#### What the task asks
The entries that follow include a run beginning at the line with "- Mate:681: 2_1-2_hex_shaft:3 ↔ 19t 9mm:2" and ending at the line with "- Flush:361: 29t 9mm:3 ↔ 29t 9mm:4"; restate that run word for word and leave the rest out.

[Supplied material Boundary: Start]

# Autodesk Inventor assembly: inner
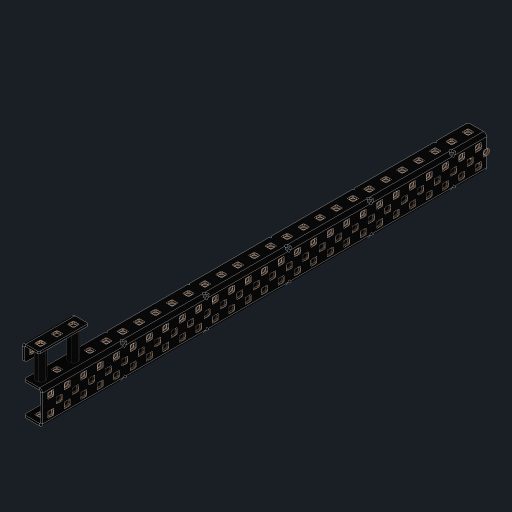
[picture p0: Inventor's stored thumbnail of the model, 512x512]
Saved by Autodesk Inventor 2024 (Build 280153000, 153)
## iProperties
Created: 2024-03-09
Part Number: inner
Document SubType Name: Assembly
Designer: Averey Ku
Author: Averey Ku
## Documents named in this file (5)
- D:\vex_robotics\hardware\cad\eca\chassis\drivebay\inner.iam
- D:\vex_robotics\hardware\cad\VEX-CAD-Inventor-1.41\Structure\C Channel\Aluminum 1x2x1\Alu C 1x2x1x27.ipt
- D:\vex_robotics\hardware\cad\VEX-CAD-Inventor-1.41\Structure\Standoff\Standoff .875.ipt
- D:\vex_robotics\hardware\cad\VEX-CAD-Inventor-1.41\Structure\Standoff.ipt
- D:\vex_robotics\hardware\cad\VEX-CAD-Inventor-1.41\Structure\Angle\Aluminum 1x1\Alu Angle 1x1x3.ipt
## Components (4 placed, 3 different names)
1. Alu C 1x2x1x27:1 — Insert:1, Insert:2
2. Standoff .875:1 — Insert:1, Insert:3
3. Standoff .875:2 — Insert:2, Mate:1
4. Alu Angle 1x1x3:1 — Insert:3, Mate:1
## Relationships (4: Insert 3, Mate 1)
- Insert:1: Alu C 1x2x1x27:1 ↔ Standoff .875:1
- Insert:2: Alu C 1x2x1x27:1 ↔ Standoff .875:2
- Insert:3: Standoff .875:1 ↔ Alu Angle 1x1x3:1
- Mate:1: Standoff .875:2 ↔ Alu Angle 1x1x3:1
# Autodesk Inventor assembly: NewChassis
(part 2 of 2)
- Mate:652: feeder_guide_plate:1 ↔ PURCHASED,HEX_BEARING:3
- Mate:653: feeder_guide_plate:1 ↔ PURCHASED,HEX_BEARING:3
- Flush:353: am-5123 5IN 500IN Hex Bore Compliant Star:2 ↔ am-5123 5IN 500IN Hex Bore Compliant Star:3
- Mate:654: am-5123 5IN 500IN Hex Bore Compliant Star:2 ↔ 2_1-2_hex_shaft:5
- Mate:655: am-5123 5IN 500IN Hex Bore Compliant Star:2 ↔ 2_1-2_hex_shaft:5
- Mate:656: feeder_bottom_plate:1 ↔ PURCHASED,HEX_BEARING:10
- Mate:657: feeder_bottom_plate:1 ↔ PURCHASED,HEX_BEARING:10
- Mate:658: feeder_bottom_plate:1 ↔ PURCHASED,HEX_BEARING:9
- Mate:659: feeder_bottom_plate:1 ↔ PURCHASED,HEX_BEARING:9
- Mate:660: feeder_guide_plate_MIR:1 ↔ PURCHASED,HEX_BEARING:5
- Mate:661: feeder_guide_plate_MIR:1 ↔ PURCHASED,HEX_BEARING:5
- Mate:662: feeder_guide_plate_MIR:1 ↔ PURCHASED,HEX_BEARING:6
- Mate:663: feeder_guide_plate_MIR:1 ↔ PURCHASED,HEX_BEARING:6
- Mate:664: feeder_guide_plate_MIR:1 ↔ PURCHASED,HEX_BEARING:11
- Mate:665: feeder_guide_plate_MIR:1 ↔ PURCHASED,HEX_BEARING:11
- Mate:666: am-5123 5IN 500IN Hex Bore Compliant Star:7 ↔ 2_1-2_hex_shaft:6
- Mate:667: am-5123 5IN 500IN Hex Bore Compliant Star:7 ↔ 2_1-2_hex_shaft:6
- Flush:354: am-5123 5IN 500IN Hex Bore Compliant Star:2 ↔ am-5123 5IN 500IN Hex Bore Compliant Star:7
- Rotation:1 [RelateRotation] (1 ul): 2_1-2_hex_shaft:3 ↔ 2_1-2_hex_shaft:6
- Rotation:2 [RelateRotation] (1 ul): 2_1-2_hex_shaft:3 ↔ 2_1-2_hex_shaft:4
- Rotation:3 [RelateRotation] (1 ul): 2_1-2_hex_shaft:5 ↔ 2_1-2_hex_shaft:6
- Rotation:4 [RelateRotation] (1 ul): 2_1-2_hex_shaft:1 ↔ 2_1-2_hex_shaft:5
- Rotation:5 [RelateRotation] (1 ul): 2_1-2_hex_shaft:1 ↔ 2_1-2_hex_shaft:2
- Mate:668: VersaPlanetary v2 Dual Stage 10_1 with RS 550 (1):3 ↔ 16t 9mm:2
- Mate:670: VersaPlanetary v2 Dual Stage 10_1 with RS 550 (1):3 ↔ 16t 9mm:2
- Mate:671: 2_1-2_hex_shaft:5 ↔ 16t 9mm:1
- Mate:672: 2_1-2_hex_shaft:5 ↔ 16t 9mm:1
- Flush:355: 16t 9mm:1 ↔ 16t 9mm:2
- Mate:673: VersaPlanetary v2 Dual Stage 10_1 with RS 550 (1):4 ↔ 16t 9mm:3
- Mate:674: VersaPlanetary v2 Dual Stage 10_1 with RS 550 (1):4 ↔ 16t 9mm:3
- Flush:356: 16t 9mm:2 ↔ 16t 9mm:3
- Mate:675: 2_1-2_hex_shaft:6 ↔ 16t 9mm:4
- Mate:676: 2_1-2_hex_shaft:6 ↔ 16t 9mm:4
- Flush:357: 16t 9mm:3 ↔ 16t 9mm:4
- Mate:678: 2_1-2_hex_shaft:6 ↔ 19t 9mm:3
- Mate:677: 16t 9mm:4 ↔ 19t 9mm:3
- Mate:679: 2_1-2_hex_shaft:6 ↔ 19t 9mm:3
- Mate:680: 2_1-2_hex_shaft:3 ↔ 19t 9mm:2
- Flush:358: 19t 9mm:2 ↔ 19t 9mm:3
- Mate:681: 2_1-2_hex_shaft:3 ↔ 19t 9mm:2
- Mate:682: 2_1-2_hex_shaft:5 ↔ 19t 9mm:1
- Mate:683: 16t 9mm:1 ↔ 19t 9mm:1
- Mate:684: 2_1-2_hex_shaft:5 ↔ 19t 9mm:1
- Mate:685: 2_1-2_hex_shaft:1 ↔ 19t 9mm:4
- Flush:359: 19t 9mm:1 ↔ 19t 9mm:4
- Mate:686: 2_1-2_hex_shaft:1 ↔ 19t 9mm:4
- Mate:687: 19t 9mm:4 ↔ 29t 9mm:2
- Mate:688: 2_1-2_hex_shaft:1 ↔ 29t 9mm:2
- Mate:689: 2_1-2_hex_shaft:1 ↔ 29t 9mm:2
- Flush:360: 29t 9mm:1 ↔ 29t 9mm:2
- Mate:690: 2_1-2_hex_shaft:2 ↔ 29t 9mm:1
- Mate:691: 2_1-2_hex_shaft:2 ↔ 29t 9mm:1
- Mate:692: 19t 9mm:2 ↔ 29t 9mm:3
- Mate:693: 2_1-2_hex_shaft:3 ↔ 29t 9mm:3
- Mate:694: 2_1-2_hex_shaft:3 ↔ 29t 9mm:3
- Flush:361: 29t 9mm:3 ↔ 29t 9mm:4
- Mate:695: 2_1-2_hex_shaft:4 ↔ 29t 9mm:4
- Mate:696: 2_1-2_hex_shaft:4 ↔ 29t 9mm:4
- Mate:697: PURCHASED,HEX_BEARING:14 ↔ 16t 9mm:4
- Mate:698: feeder_bottom_plate:1 ↔ Bolt_Spacer:3
- Mate:699: feeder_guide_plate:1 ↔ Bolt_Spacer:3
- Mate:700: feeder_bottom_plate:1 ↔ Bolt_Spacer:4
- Mate:701: feeder_guide_plate_MIR:1 ↔ Bolt_Spacer:4
- Mate:704: coral_end_stop:1 ↔ feeder_front_support:1
- Flush:362 (28.575 mm): coral_end_stop:1 ↔ feeder_front_support:1
- Flush:364: coral_end_stop_MIR:1 ↔ coral_end_stop:1
- Mate:713: Part Studio 1 - Support 1:1 ↔ hopper_side_r:1
- Mate:714: PLATE,BRACE,HORISONTAL,TOP,ELEVATOR.ipt:1 ↔ Part Studio 1 - Support 1:1
- Mate:715 (69.85 mm): coral_end_stop_MIR:1 ↔ coral_end_stop:1
- Flush:365: coral_end_stop_MIR:1 ↔ coral_end_stop:1
- Mate:716: coral_end_stop:1 ↔ feeder_front_support:1
- Mate:717: am-3480 4IN 500Hex Bore Compliant Wheel REV2(1):1 ↔ 2_1-2_hex_shaft:2
- Mate:718: am-3480 4IN 500Hex Bore Compliant Wheel REV2(1):1 ↔ 2_1-2_hex_shaft:2
- Mate:719: am-3480 4IN 500Hex Bore Compliant Wheel REV2(1):1 ↔ PURCHASED,HEX_BEARING:4
- Mate:720: am-3480 4IN 500Hex Bore Compliant Wheel REV2(1):2 ↔ 2_1-2_hex_shaft:4
- Mate:721: am-3480 4IN 500Hex Bore Compliant Wheel REV2(1):2 ↔ 2_1-2_hex_shaft:4
- Mate:722: am-3480 4IN 500Hex Bore Compliant Wheel REV2(1):2 ↔ PURCHASED,HEX_BEARING:6
- Mate:723: 1-2in_spacer:1 ↔ 2_1-2_hex_shaft:2
- Mate:724: 1-2in_spacer:1 ↔ 2_1-2_hex_shaft:2
- Mate:725: am-3480 4IN 500Hex Bore Compliant Wheel REV2(1):1 ↔ 1-2in_spacer:1
- Mate:726: 1-2in_spacer:2 ↔ 2_1-2_hex_shaft:1
- Mate:727: 1-2in_spacer:2 ↔ 2_1-2_hex_shaft:1
- Mate:728: 1-2in_spacer:2 ↔ 19t 9mm:4
- Mate:729: 1-2in_spacer:3 ↔ 2_1-2_hex_shaft:5
- Mate:730: 1-2in_spacer:3 ↔ 2_1-2_hex_shaft:5
- Mate:731: 1-2in_spacer:3 ↔ am-5123 5IN 500IN Hex Bore Compliant Star:2
- Mate:732: 1-2in_spacer:6 ↔ 2_1-2_hex_shaft:6
- Mate:733: 1-2in_spacer:6 ↔ 2_1-2_hex_shaft:6
- Mate:734: 1-2in_spacer:6 ↔ 19t 9mm:3
- Mate:735: 1-2in_spacer:5 ↔ 2_1-2_hex_shaft:3
- Mate:736: 1-2in_spacer:5 ↔ 2_1-2_hex_shaft:3
- Mate:737: 1-2in_spacer:5 ↔ 19t 9mm:2
- Mate:738: 1-2in_spacer:4 ↔ 2_1-2_hex_shaft:4
- Mate:739: 1-2in_spacer:4 ↔ 2_1-2_hex_shaft:4
- Mate:740: 1-2in_spacer:4 ↔ 29t 9mm:4
- Mate:741: feeder_bottom_plate:1 ↔ feeder_guide_plate_MIR:1
- Mate:742: feeder_bottom_plate:1 ↔ feeder_guide_plate:1
- Mate:743: Part Studio 1 - Support 2:1 ↔ hopper_side_l:1
- Mate:744: Part Studio 1 - Support 2:1 ↔ hopper_side_l:1
- Mate:745: Part Studio 1 - Support 2:1 ↔ hopper_side_l:1
- Mate:746: PLATE,BRACE,HORISONTAL,TOP,ELEVATOR.ipt:1 ↔ hopper_backboard:1
- Mate:747: PLATE,BRACE,HORISONTAL,TOP,ELEVATOR.ipt:1 ↔ hopper_backboard:1
- Mate:748: PLATE,BRACE,HORISONTAL,TOP,ELEVATOR.ipt:1 ↔ hopper_backboard:1
- Mate:749: hopper_fin:1 ↔ hopper_back:1
- Mate:750: hopper_fin:1 ↔ hopper_back:1
- Mate:751: hopper_fin_MIR:1 ↔ hopper_back:1
- Mate:752: hopper_fin_MIR:1 ↔ hopper_back:1
- Mate:753: hopper_fin_MIR:1 ↔ hopper_back:1
- Mate:754: hopper_fin:1 ↔ hopper_back:1
## Named parameters: d160_d155 = 0 mm, d161_d156 = 0 mm, d162_d157 = 0 mm, d163_d155 = 0 mm, d164_d156 = 0 mm, d165_d157 = 0 mm, d166_d155 = 0 mm, d167_d156 = 0 mm, d168_d157 = 0 mm, d169_d155 = 0 mm, d170_d156 = 0 mm, d171_d157 = 0 mm, d172_d155 = 0 mm, d173_d156 = 0 mm, d174_d157 = 0 mm, d175_d155 = 0 mm, d176_d156 = 0 mm, d177_d157 = 0 mm, d178_d155 = 0 mm, d179_d156 = 0 mm, d180_d157 = 0 mm, d518_d513 = 0 mm, d875_d873 = 0 mm, d876_d874 = 0 mm, d967_d875_d873 = 0 mm, d968_d876_d874 = 0 mm, d1153_d967_d875_d873 = 0 mm, d1154_d968_d876_d874 = 0 mm, d1199_d1196 = 0 mm, d1200_d1197 = 0 mm, d1201_d1198 = 0 mm, d1224_d1196 = 0 mm, d1225_d1197 = 0 mm, d1226_d1198 = 0 mm, d1227_d1203 = 0 mm, d1228_d1204 = 0 mm, d1233_d1218 = 0 mm, d1237_d1199_d1196 = 0 mm, d1238_d1200_d1197 = 0 mm, d1239_d1201_d1198 = 0 mm, d1249_d1153_d967_d875_d873 = 0 mm, d1250_d1154_d968_d876_d874 = 0 mm, d1274_d169_d155 = 0 mm, d1275_d170_d156 = 0 mm, d1276_d171_d157 = 0 mm, d1277_d169_d155 = 0 mm, d1278_d170_d156 = 0 mm, d1279_d171_d157 = 0 mm

[Supplied material Boundary: End]

#### Answer below
- Mate:681: 2_1-2_hex_shaft:3 ↔ 19t 9mm:2
- Mate:682: 2_1-2_hex_shaft:5 ↔ 19t 9mm:1
- Mate:683: 16t 9mm:1 ↔ 19t 9mm:1
- Mate:684: 2_1-2_hex_shaft:5 ↔ 19t 9mm:1
- Mate:685: 2_1-2_hex_shaft:1 ↔ 19t 9mm:4
- Flush:359: 19t 9mm:1 ↔ 19t 9mm:4
- Mate:686: 2_1-2_hex_shaft:1 ↔ 19t 9mm:4
- Mate:687: 19t 9mm:4 ↔ 29t 9mm:2
- Mate:688: 2_1-2_hex_shaft:1 ↔ 29t 9mm:2
- Mate:689: 2_1-2_hex_shaft:1 ↔ 29t 9mm:2
- Flush:360: 29t 9mm:1 ↔ 29t 9mm:2
- Mate:690: 2_1-2_hex_shaft:2 ↔ 29t 9mm:1
- Mate:691: 2_1-2_hex_shaft:2 ↔ 29t 9mm:1
- Mate:692: 19t 9mm:2 ↔ 29t 9mm:3
- Mate:693: 2_1-2_hex_shaft:3 ↔ 29t 9mm:3
- Mate:694: 2_1-2_hex_shaft:3 ↔ 29t 9mm:3
- Flush:361: 29t 9mm:3 ↔ 29t 9mm:4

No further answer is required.